瀬谷ジョン #1
日本財団スカラーシップ23期生として、日本での生活が始まりました。国を出て、また別の世界に入る。そんな新鮮な感覚の中で、到着してからの日々に感じた正直な思いを伝えたいと思います。
日本に来る前、私の中の日本のイメージは完璧な国でした。ブラジルの悪いところを全て取り払ったような場所だと想像していたのです。しかし、実際に東京の街に立ってみると、最初の感覚は「想像以上にサンパウロにかなり似ている」という驚きでした。
もちろん、日本はものすごく綺麗な国です。自然や人が美しいだけでなく、街の道にゴミ一つ落ちていないこと、電車だけでどこにでもいけることは本当に素晴らしいと感じます。ですが、その綺麗さや便利さの裏には、予想外の壁があります。それは、驚くほど多い紙作業と手続きの長さです。 外国人が銀行口座や電話番号を申し込み、住民票登録を行うのは非常に難しく、どんな申し込みでも完了までに3日間から3週間ほどかかります(お断りのメールをもらう可能性すらあります)。ブラジルであれば、CPF(マイナンバーのような国民番号)さえあれば1日に口座を10個でも作れますし、SIMカードは街のドラッグストアで簡単に買えます。SIMもネットも口座もない状態が続く中で、その不便さに対し、いっそ日本のために新しい登録システムを自分で開発したくなったほどです。

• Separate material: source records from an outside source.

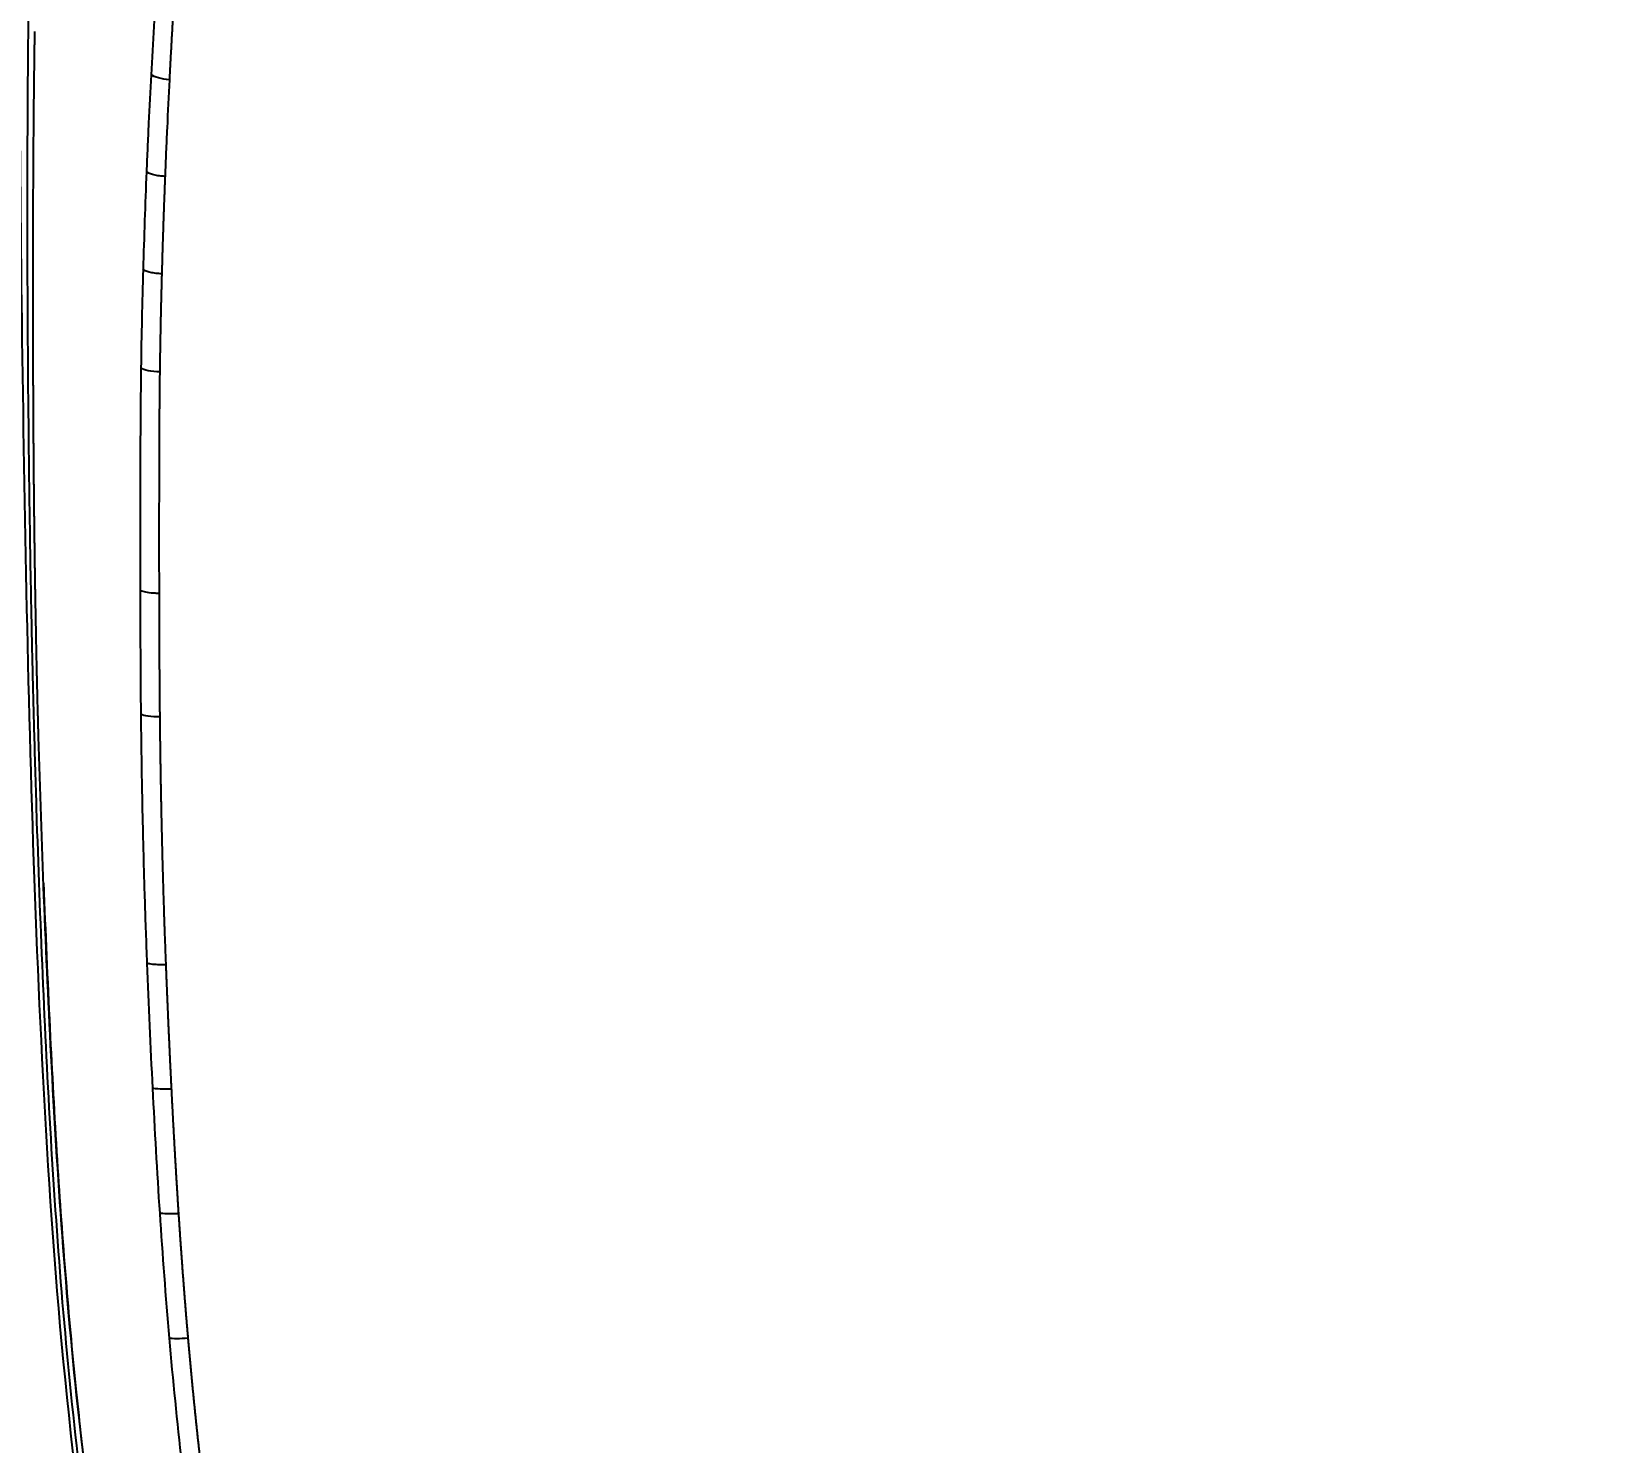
# Model space of a CAD drawing. Header units: millimetres. Extents: x 0 to 2520, y 0 to 1796.
# Drawn here: x 841.2 to 989.5, y 963.2 to 1096.3 of the extents above; entities that cross this region are included whole.
import ezdxf

# ---------------------------------------------------------------- set-up
doc = ezdxf.new("R2010")
doc.units = ezdxf.units.MM
doc.header["$LTSCALE"] = 50
doc.styles.add('style1', font='gbeitc.shx')
doc.styles.add('유형1', font='gbeitc.shx', dxfattribs={"height": 8})
doc.dimstyles.new('ISO-25', dxfattribs={"dimtxt": 2.5, "dimasz": 3, "dimexe": 1.25, "dimexo": 0.5, "dimgap": 1, "dimtad": 3, "dimtoh": 1, "dimdsep": 46, "dimtxsty": '유형1', "dimcen": 2.5, "dimclrd": 5, "dimclre": 5, "dimclrt": 5, "dimadec": 0, "dimazin": 0, "dimtfac": 1, "dimtmove": 0, "dimatfit": 3, "dimfxl": 1, "dimarcsym": 0})

# ---------------------------------------------------------------- blocks, each defined once
blk = doc.blocks.new('*D4')
at = {"color": 2, "linetype": 'Continuous', "lineweight": -2}
for p, q in [((766.88, 1089.08), (766.88, 1306.61)), ((1212.1, 1085.21), (1212.1, 1306.61)), ((778.88, 1304.11), (1200.1, 1304.11))]:
    blk.add_line(p, q, dxfattribs=at)
at = {"color": 2, "linetype": 'Continuous'}
for points in [[(778.88, 1306.11), (778.88, 1302.11), (766.88, 1304.11)], [(1200.1, 1306.11), (1200.1, 1302.11), (1212.1, 1304.11)]]:
    blk.add_solid(points, dxfattribs=at)
at = {"layer": 'Defpoints', "color": 0, "linetype": 'Continuous'}
for p in [(1212.1, 1304.11), (766.88, 1087.08), (1212.1, 1083.21)]:
    blk.add_point(p, dxfattribs=at)
at = {"color": 2, "linetype": 'Continuous', "insert": (989.49, 1313.11), "char_height": 16, "attachment_point": 5, "style": 'style1'}
blk.add_mtext('445.22', dxfattribs=at)

msp = doc.modelspace()

# ---------------------------------------------------------------- linework, layer by layer
at = {"color": 7, "linetype": 'Continuous'}
for points, knots in [([(841.065, 1109.522), (841.06, 1109.256), (841.048, 1108.568), (841.016, 1106.73), (840.993, 1105.347), (840.957, 1103.021), (840.936, 1101.609), (840.912, 1099.839), (840.908, 1099.485), (840.899, 1098.777), (840.894, 1098.422), (840.885, 1097.712), (840.881, 1097.356), (840.873, 1096.643), (840.869, 1096.287), (840.862, 1095.572), (840.858, 1095.214), (840.851, 1094.497), (840.848, 1094.139), (840.838, 1093.061), (840.832, 1092.34), (840.816, 1090.172), (840.807, 1088.72), (840.794, 1085.8), (840.789, 1084.333), (840.78, 1079.913), (840.783, 1076.941), (840.811, 1067.96), (840.858, 1061.887), (840.968, 1052.707), (841.012, 1049.635), (841.105, 1044.123), (841.164, 1041.04), (841.247, 1037.299), (841.292, 1035.369), (841.324, 1034.078), (841.357, 1032.788), (841.374, 1032.144), (841.409, 1030.854), (841.426, 1030.209), (841.516, 1026.985), (841.593, 1024.406), (841.845, 1016.668), (842.039, 1011.512), (842.491, 1001.201), (842.748, 996.045), (843.371, 985.744), (843.736, 980.595), (844.623, 970.312), (845.145, 965.178), (846.079, 957.493), (846.416, 954.934), (847.147, 949.826), (847.541, 947.276), (848.812, 939.64), (849.779, 934.569), (851.966, 924.481), (853.186, 919.466), (857.241, 904.525), (860.473, 894.705), (868.085, 875.517), (872.466, 866.149), (879.967, 852.605), (882.622, 848.176), (888.247, 839.522), (891.217, 835.297), (899.032, 825.024), (905.747, 817.16), (914.874, 808.054), (920.571, 802.816), (924.507, 799.487), (930.516, 794.62), (934.66, 791.544), (943.202, 785.771), (947.601, 783.073), (956.63, 778.095), (961.26, 775.814), (968.356, 772.742), (970.747, 771.776), (975.573, 769.964), (978.009, 769.117), (985.374, 766.763), (990.363, 765.438), (1005.492, 762.229), (1015.797, 761.112), (1026.109, 761.111)], [0, 0, 0, 0, 0.0024231, 0.0061591, 0.0127523, 0.0127523, 0.0230814, 0.0230814, 0.0256637, 0.0256637, 0.028246, 0.028246, 0.0308283, 0.0308283, 0.0334106, 0.0334106, 0.0359929, 0.0359929, 0.0385752, 0.0385752, 0.0437397, 0.0437397, 0.0540689, 0.0540689, 0.064398, 0.064398, 0.0850563, 0.0850563, 0.126373, 0.126373, 0.1470313, 0.1470313, 0.1633507, 0.1676896, 0.1720285, 0.1763674, 0.1763674, 0.1807063, 0.1807063, 0.1850452, 0.1850452, 0.2024009, 0.2024009, 0.2371122, 0.2371122, 0.2718234, 0.2718234, 0.3065347, 0.3065347, 0.341246, 0.341246, 0.3586016, 0.3586016, 0.3759573, 0.3759573, 0.4106686, 0.4106686, 0.4453798, 0.4453798, 0.5148024, 0.5148024, 0.584225, 0.584225, 0.6189362, 0.6189362, 0.6536475, 0.6536475, 0.705762, 0.7230701, 0.7403782, 0.7576863, 0.7576863, 0.7923026, 0.7923026, 0.8269188, 0.8269188, 0.861535, 0.861535, 0.8788432, 0.8788432, 0.8961513, 0.8961513, 0.9307675, 0.9307675, 1, 1, 1, 1]), ([(840.01, 1101.129), (840.067, 1083.036), (840.278, 1064.946), (840.981, 1028.769), (841.496, 1010.669), (843.58, 974.673), (845.266, 956.784), (851.736, 921.535), (856.417, 904.158), (866.269, 878.574), (870.04, 870.129), (878.458, 853.915), (883.125, 846.088), (893.476, 831.053), (899.201, 823.793), (911.54, 810.214), (918.12, 803.921), (932.133, 792.368), (939.564, 787.107), (955.379, 777.737), (963.7, 773.684), (980.74, 767.169), (989.522, 764.66), (1007.64, 761.223), (1016.857, 760.326), (1026.109, 760.326)], [0, 0, 0, 0, 0.125, 0.125, 0.25, 0.25, 0.375, 0.375, 0.5, 0.5, 0.5625, 0.5625, 0.625, 0.625, 0.6875, 0.6875, 0.75, 0.75, 0.8125, 0.8125, 0.875, 0.875, 0.9375, 0.9375, 1, 1, 1, 1]), ([(854.702, 1100.752), (854.696, 1100.644), (854.683, 1100.428), (854.663, 1100.106), (854.644, 1099.783), (854.624, 1099.462), (854.605, 1099.142), (854.586, 1098.822), (854.567, 1098.504), (854.549, 1098.186), (854.53, 1097.869), (854.512, 1097.553), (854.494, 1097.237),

しかし、このネットがないという極端な不便さは、私にとても重要な気づきを与えてくれました。それは無知は弱さであるということです。
ブラジルにいた頃、私は助ける側であり頼られる側でした。たとえネットやスマホがなくても、自分の知識だけでどこへでも行けました。しかし、今の私は言葉こそわかるものの、環境が全くの未知です。情報が一切ない状態の自分が、いかに無力で弱い存在であるかを感じました。
現代は、スマホとインターネットがあれば何でもできる世界です。情報がすぐに手に入る分、それは儚いものになっているのかもしれません。しかし、ネットに繋がらずスマホがただの時計になってしまった私にとって、情報はまさにこの世の宝物でした。 スマホで検索できないからこそ、人に「スーパーはあっちだよ」と方向を教えてもらった時、とんでもない嬉しさを感じました。情報が「0」から「1」になる瞬間には、とてつもない大きさがあります。知るということがなければ何も生まれませんが、その1さえあれば、人は頼らずに自分でできるようになっていくのです。
マップが使えない私は、しょうがなく自分の足と感覚だけを頼りにうろうろと歩き回るしかありませんでした。そうして街をさまよった結果、練馬区にあるたくさんの美味しいレストランや、賑やか商店街、ブラジルコーヒーの売っている珈琲屋さん、駅の場所を自分の力で見つけ出すことができました。
面白いことに、ブラジルに住んでいた時はブラジルの文句ばかり言っていたのに、日本へ来てからは日本の文句ばかり言っている自分がいます。おそらく私という人間は、どこに行っても決して満足はしないのでしょう。でも、環境が変わっても結局何かしらの文句を言ってしまう自分の変わらなさに気づいて、思わず笑ってしまいました。本当に、人間とはそういうものですね。でも、そんな自分の人間らしさに気づいたことで、逆に日本という国にすごく親しみを感じるようになりました。
すべてが新しく、未知の環境でのスタート。自分の弱さを知る経験でもありましたが、自分の足で見つけた街の景色や、0から1になる瞬間の喜びは、何にも代えがたいものです。これから始まる新規生としての生活でも、この感覚を忘れずに、たくさんの1を見つけ出していきたいと思います。